Hal itu disampaikan Kepala Dishub Kota Samarinda Hotmarulitua Manalu. Ia menyampaikan Stasiun Pengisian Bahan Bakar Umum (SPBU) di pusat kota selama ini menjadi penyumbang kemacetan, akibat antrean panjang kendaraan roda empat yang membeli pertalite.
“Untuk pertalite roda empat kita akan petakan di SPBU yang agak di luar kota atau di jalan-jalan bagian luar. Sehingga SPBU di dalam kota yang menjadi penyumbang kemacetan bisa berkurang antreannya,” ujarnya usai Rapat Koordinasi Pengendalian Pembelian JBT Solar Bersubsidi, Rabu, 11 Februari 2026.
Dengan kebijakan tersebut, diharapkan arus lalu lintas di pusat Kota Samarinda menjadi lebih renggang dan risiko kecelakaan akibat antrean kendaraan dapat ditekan.
Selain itu, Dishub juga menyiapkan satu SPBU khusus untuk melayani pengisian bahan bakar bagi angkutan umum atau bus. Namun, bus yang dilayani wajib melengkapi izin operasional aktif.
“Supaya jelas bahwa bus tersebut benar-benar beroperasi, bukan hanya kamuflase. Jadi yang dilayani memang kendaraan yang betul-betul jalan,” tegas Manalu.
Ke depan, sistem pembayaran BBM bersubsidi juga akan diarahkan menggunakan aplikasi MyPertamina dan tidak lagi mengandalkan fuel card semata. Langkah ini untuk memastikan seluruh transaksi tercatat dan dapat ditelusuri.
Dishub juga akan melakukan pelacakan penggunaan BBM. Misalnya, jika satu kendaraan mendapat jatah 80 liter, maka secara asumsi dapat menempuh sekitar 240 kilometer.
“Kalau besoknya dia ambil antrean lagi, kita akan track. Dia sudah melakukan perjalanan sejauh mana? ini bagian dari pengawasan agar distribusi subsidi tidak disalahgunakan,” jelasnya.

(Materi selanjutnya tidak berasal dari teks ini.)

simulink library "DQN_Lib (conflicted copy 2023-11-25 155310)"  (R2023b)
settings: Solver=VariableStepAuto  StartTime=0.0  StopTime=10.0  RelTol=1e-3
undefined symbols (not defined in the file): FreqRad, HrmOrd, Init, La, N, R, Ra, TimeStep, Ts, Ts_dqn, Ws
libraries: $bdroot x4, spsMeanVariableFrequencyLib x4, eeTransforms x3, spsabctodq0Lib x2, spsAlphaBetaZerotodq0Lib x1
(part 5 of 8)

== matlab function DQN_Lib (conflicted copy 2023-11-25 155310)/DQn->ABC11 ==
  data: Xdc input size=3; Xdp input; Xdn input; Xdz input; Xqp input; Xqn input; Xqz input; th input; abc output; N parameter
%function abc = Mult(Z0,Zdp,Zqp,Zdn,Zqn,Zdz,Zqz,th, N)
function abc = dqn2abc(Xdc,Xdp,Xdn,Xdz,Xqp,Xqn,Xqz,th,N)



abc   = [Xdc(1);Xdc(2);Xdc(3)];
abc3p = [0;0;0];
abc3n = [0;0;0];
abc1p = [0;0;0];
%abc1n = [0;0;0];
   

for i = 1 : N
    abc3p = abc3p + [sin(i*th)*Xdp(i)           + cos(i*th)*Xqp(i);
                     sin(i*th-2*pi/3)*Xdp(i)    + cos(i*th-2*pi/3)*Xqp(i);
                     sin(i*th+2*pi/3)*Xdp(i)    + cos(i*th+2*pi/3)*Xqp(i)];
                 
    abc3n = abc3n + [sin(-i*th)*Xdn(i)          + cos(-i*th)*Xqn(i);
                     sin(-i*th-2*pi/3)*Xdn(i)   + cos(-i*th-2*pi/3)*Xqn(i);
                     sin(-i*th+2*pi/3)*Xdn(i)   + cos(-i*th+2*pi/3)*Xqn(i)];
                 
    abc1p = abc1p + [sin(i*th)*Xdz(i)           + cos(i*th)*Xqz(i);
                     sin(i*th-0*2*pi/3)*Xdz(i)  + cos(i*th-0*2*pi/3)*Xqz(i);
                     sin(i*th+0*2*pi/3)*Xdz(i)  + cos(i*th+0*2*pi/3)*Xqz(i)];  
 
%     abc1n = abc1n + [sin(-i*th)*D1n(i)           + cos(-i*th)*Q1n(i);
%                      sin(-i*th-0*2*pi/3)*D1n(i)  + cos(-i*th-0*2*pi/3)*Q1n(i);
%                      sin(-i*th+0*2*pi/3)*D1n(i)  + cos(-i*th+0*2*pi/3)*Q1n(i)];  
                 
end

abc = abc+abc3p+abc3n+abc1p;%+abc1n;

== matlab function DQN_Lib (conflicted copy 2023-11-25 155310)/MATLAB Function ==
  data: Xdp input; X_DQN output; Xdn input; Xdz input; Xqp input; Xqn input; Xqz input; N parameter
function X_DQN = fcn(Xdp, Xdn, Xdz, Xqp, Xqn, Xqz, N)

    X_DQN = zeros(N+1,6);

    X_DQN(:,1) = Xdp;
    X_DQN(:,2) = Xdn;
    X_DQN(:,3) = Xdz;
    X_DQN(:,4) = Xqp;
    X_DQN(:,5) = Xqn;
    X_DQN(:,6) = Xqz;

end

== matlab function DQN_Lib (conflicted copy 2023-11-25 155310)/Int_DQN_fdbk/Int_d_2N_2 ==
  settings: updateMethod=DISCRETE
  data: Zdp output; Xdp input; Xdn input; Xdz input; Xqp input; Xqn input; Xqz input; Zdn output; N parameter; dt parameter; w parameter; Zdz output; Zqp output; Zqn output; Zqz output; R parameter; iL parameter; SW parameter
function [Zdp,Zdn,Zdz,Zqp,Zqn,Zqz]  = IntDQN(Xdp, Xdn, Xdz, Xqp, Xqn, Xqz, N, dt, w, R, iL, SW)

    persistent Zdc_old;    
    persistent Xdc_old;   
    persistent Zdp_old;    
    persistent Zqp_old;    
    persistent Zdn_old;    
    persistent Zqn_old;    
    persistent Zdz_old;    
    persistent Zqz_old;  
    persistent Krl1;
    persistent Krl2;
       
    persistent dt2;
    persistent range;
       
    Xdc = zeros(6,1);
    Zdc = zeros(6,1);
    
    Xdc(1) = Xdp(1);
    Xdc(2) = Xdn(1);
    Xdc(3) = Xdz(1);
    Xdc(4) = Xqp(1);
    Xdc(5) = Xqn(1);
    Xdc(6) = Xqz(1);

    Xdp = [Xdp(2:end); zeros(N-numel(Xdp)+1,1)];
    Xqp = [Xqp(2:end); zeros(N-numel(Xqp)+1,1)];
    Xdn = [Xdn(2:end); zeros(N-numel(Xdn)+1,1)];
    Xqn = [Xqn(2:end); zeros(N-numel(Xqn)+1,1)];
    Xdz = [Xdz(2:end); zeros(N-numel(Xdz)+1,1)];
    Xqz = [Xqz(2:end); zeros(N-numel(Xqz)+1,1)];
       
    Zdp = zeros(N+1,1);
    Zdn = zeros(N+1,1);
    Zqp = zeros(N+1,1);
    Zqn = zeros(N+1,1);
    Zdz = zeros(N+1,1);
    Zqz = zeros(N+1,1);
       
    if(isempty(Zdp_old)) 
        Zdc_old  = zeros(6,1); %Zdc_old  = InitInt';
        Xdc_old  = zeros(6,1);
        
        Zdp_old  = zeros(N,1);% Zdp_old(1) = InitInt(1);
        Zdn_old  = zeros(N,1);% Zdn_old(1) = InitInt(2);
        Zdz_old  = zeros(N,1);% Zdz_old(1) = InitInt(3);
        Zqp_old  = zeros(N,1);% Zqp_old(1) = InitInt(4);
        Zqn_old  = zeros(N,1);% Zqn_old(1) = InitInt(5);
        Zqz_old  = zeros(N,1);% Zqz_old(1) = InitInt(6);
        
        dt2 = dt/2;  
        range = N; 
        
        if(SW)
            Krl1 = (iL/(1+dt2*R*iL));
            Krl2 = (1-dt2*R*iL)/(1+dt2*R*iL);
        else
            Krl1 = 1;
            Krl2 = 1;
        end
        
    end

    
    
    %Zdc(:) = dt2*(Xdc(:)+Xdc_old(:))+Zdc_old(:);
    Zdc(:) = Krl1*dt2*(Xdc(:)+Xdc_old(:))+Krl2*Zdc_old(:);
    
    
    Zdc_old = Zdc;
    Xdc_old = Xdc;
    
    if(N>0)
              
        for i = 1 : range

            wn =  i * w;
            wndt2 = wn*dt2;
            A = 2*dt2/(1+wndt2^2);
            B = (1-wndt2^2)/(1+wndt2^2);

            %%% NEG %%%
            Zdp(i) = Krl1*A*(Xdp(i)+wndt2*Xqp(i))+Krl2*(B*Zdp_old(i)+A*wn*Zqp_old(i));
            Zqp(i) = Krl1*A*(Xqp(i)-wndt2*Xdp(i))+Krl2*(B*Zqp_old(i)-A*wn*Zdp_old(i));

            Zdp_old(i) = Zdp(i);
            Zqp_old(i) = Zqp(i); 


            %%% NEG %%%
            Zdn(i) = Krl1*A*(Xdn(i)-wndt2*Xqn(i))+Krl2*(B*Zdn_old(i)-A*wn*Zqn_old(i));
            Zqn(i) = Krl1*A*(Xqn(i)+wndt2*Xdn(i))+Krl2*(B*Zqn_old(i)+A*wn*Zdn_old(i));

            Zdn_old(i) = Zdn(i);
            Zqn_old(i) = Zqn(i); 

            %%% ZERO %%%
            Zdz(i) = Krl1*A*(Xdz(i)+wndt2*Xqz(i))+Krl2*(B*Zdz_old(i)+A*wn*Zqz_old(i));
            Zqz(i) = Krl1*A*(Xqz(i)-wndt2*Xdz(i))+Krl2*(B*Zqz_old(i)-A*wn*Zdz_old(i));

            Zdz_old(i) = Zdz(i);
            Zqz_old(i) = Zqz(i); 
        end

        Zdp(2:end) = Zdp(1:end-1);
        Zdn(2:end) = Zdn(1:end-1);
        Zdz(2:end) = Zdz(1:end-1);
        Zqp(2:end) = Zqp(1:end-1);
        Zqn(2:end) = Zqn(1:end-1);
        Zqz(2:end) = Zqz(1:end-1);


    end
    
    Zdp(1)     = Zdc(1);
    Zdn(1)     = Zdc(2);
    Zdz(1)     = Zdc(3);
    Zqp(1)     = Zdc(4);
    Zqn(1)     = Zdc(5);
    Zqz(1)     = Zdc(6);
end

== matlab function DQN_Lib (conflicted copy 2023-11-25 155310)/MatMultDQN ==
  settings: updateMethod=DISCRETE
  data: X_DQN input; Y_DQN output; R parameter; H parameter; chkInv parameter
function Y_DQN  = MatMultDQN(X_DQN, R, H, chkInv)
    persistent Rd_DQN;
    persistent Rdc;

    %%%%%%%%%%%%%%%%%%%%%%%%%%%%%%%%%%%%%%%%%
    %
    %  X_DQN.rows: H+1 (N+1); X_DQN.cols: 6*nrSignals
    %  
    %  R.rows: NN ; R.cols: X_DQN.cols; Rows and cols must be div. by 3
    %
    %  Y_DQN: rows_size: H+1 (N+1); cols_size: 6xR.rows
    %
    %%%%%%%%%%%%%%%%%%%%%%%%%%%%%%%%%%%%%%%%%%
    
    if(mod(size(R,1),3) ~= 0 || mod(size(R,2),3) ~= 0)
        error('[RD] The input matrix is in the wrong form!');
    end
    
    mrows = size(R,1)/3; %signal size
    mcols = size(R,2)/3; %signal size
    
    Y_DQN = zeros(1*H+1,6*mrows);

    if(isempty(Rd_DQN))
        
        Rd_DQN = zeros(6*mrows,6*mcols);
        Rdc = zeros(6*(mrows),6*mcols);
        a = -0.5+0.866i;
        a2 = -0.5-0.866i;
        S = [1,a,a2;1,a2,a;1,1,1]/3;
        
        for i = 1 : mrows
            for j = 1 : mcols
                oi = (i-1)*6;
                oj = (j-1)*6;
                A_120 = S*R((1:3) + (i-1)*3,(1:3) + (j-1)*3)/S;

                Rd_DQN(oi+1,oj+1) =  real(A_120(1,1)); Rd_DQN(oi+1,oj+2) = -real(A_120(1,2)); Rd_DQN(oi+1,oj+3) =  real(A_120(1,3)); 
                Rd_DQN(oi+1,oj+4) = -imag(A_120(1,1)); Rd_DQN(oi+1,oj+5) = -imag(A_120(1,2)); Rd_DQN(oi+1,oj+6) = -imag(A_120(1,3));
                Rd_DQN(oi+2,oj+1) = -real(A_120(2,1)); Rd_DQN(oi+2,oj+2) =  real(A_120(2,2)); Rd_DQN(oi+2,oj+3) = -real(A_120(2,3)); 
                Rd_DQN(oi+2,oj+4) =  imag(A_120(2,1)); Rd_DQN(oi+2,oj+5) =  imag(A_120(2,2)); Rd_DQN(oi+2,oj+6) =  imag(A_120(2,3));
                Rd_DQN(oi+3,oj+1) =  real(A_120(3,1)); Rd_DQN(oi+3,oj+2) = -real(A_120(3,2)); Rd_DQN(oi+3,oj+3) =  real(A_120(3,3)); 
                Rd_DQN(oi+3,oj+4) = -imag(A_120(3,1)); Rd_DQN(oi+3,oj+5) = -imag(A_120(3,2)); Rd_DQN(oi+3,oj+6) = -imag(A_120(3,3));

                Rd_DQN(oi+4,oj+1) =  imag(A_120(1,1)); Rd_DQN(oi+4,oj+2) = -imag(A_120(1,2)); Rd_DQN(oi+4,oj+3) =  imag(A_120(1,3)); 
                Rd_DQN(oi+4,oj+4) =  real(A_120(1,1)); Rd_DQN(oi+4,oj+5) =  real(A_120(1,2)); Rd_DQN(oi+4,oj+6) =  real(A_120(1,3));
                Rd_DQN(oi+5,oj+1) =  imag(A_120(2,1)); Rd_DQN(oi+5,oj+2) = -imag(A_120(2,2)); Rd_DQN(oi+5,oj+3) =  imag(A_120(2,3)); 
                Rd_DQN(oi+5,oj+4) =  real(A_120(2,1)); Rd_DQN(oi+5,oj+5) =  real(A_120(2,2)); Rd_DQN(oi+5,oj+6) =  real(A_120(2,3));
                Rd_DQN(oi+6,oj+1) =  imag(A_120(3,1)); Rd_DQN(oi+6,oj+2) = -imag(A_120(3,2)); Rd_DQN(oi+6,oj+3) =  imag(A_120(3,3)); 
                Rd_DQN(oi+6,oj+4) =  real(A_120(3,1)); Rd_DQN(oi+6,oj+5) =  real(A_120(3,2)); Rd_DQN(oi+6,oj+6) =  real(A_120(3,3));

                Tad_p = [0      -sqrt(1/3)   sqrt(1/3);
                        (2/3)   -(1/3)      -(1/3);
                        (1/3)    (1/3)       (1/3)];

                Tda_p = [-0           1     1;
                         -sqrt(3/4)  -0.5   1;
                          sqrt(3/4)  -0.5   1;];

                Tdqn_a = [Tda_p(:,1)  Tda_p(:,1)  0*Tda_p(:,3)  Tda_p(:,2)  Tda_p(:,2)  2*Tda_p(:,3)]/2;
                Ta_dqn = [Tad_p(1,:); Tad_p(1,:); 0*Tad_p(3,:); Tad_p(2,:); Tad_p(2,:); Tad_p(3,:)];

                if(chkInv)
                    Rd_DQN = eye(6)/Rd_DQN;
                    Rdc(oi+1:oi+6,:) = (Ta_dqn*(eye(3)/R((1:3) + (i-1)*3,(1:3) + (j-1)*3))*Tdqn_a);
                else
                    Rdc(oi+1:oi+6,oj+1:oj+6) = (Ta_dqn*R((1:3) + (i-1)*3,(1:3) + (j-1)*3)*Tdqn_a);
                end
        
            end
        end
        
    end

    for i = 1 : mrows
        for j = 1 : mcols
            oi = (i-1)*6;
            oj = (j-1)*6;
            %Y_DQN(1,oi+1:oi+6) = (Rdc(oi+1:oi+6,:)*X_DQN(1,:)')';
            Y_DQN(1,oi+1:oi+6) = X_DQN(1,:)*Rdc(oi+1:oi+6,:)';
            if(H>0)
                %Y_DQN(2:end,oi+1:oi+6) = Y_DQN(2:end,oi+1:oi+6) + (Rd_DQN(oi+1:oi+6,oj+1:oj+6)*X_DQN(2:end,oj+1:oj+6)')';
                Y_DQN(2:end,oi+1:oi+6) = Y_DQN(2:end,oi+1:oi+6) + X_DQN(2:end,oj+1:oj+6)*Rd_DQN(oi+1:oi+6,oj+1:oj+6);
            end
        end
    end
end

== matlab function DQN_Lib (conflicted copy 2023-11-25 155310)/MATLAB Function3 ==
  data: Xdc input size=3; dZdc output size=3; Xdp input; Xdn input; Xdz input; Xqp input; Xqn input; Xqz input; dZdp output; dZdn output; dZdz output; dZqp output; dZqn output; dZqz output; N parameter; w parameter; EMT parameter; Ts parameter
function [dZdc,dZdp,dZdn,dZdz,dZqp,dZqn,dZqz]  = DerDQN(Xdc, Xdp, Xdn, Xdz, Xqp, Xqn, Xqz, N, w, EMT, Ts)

Terkait potensi dampak inflasi, Manalu memastikan pihaknya telah berkoordinasi dengan Asosiasi Logistik dan Forwarder Indonesia (ALFI). Berdasarkan hasil pertemuan sebelumnya, sebagian besar angkutan logistik sembako kini justru menggunakan BBM non-subsidi, karena antrean solar subsidi terlalu panjang.
“Inflasi di Kota Samarinda tetap terjaga. Jadi tidak ada alasan bahwa kebijakan ini akan mengguncang harga,” pungkasnya.
Rencana kebijakan ini ditargetkan mulai berlaku 1 April 2026, atau paling lambat 1 Mei 2026 setelah proses sosialisasi selesai.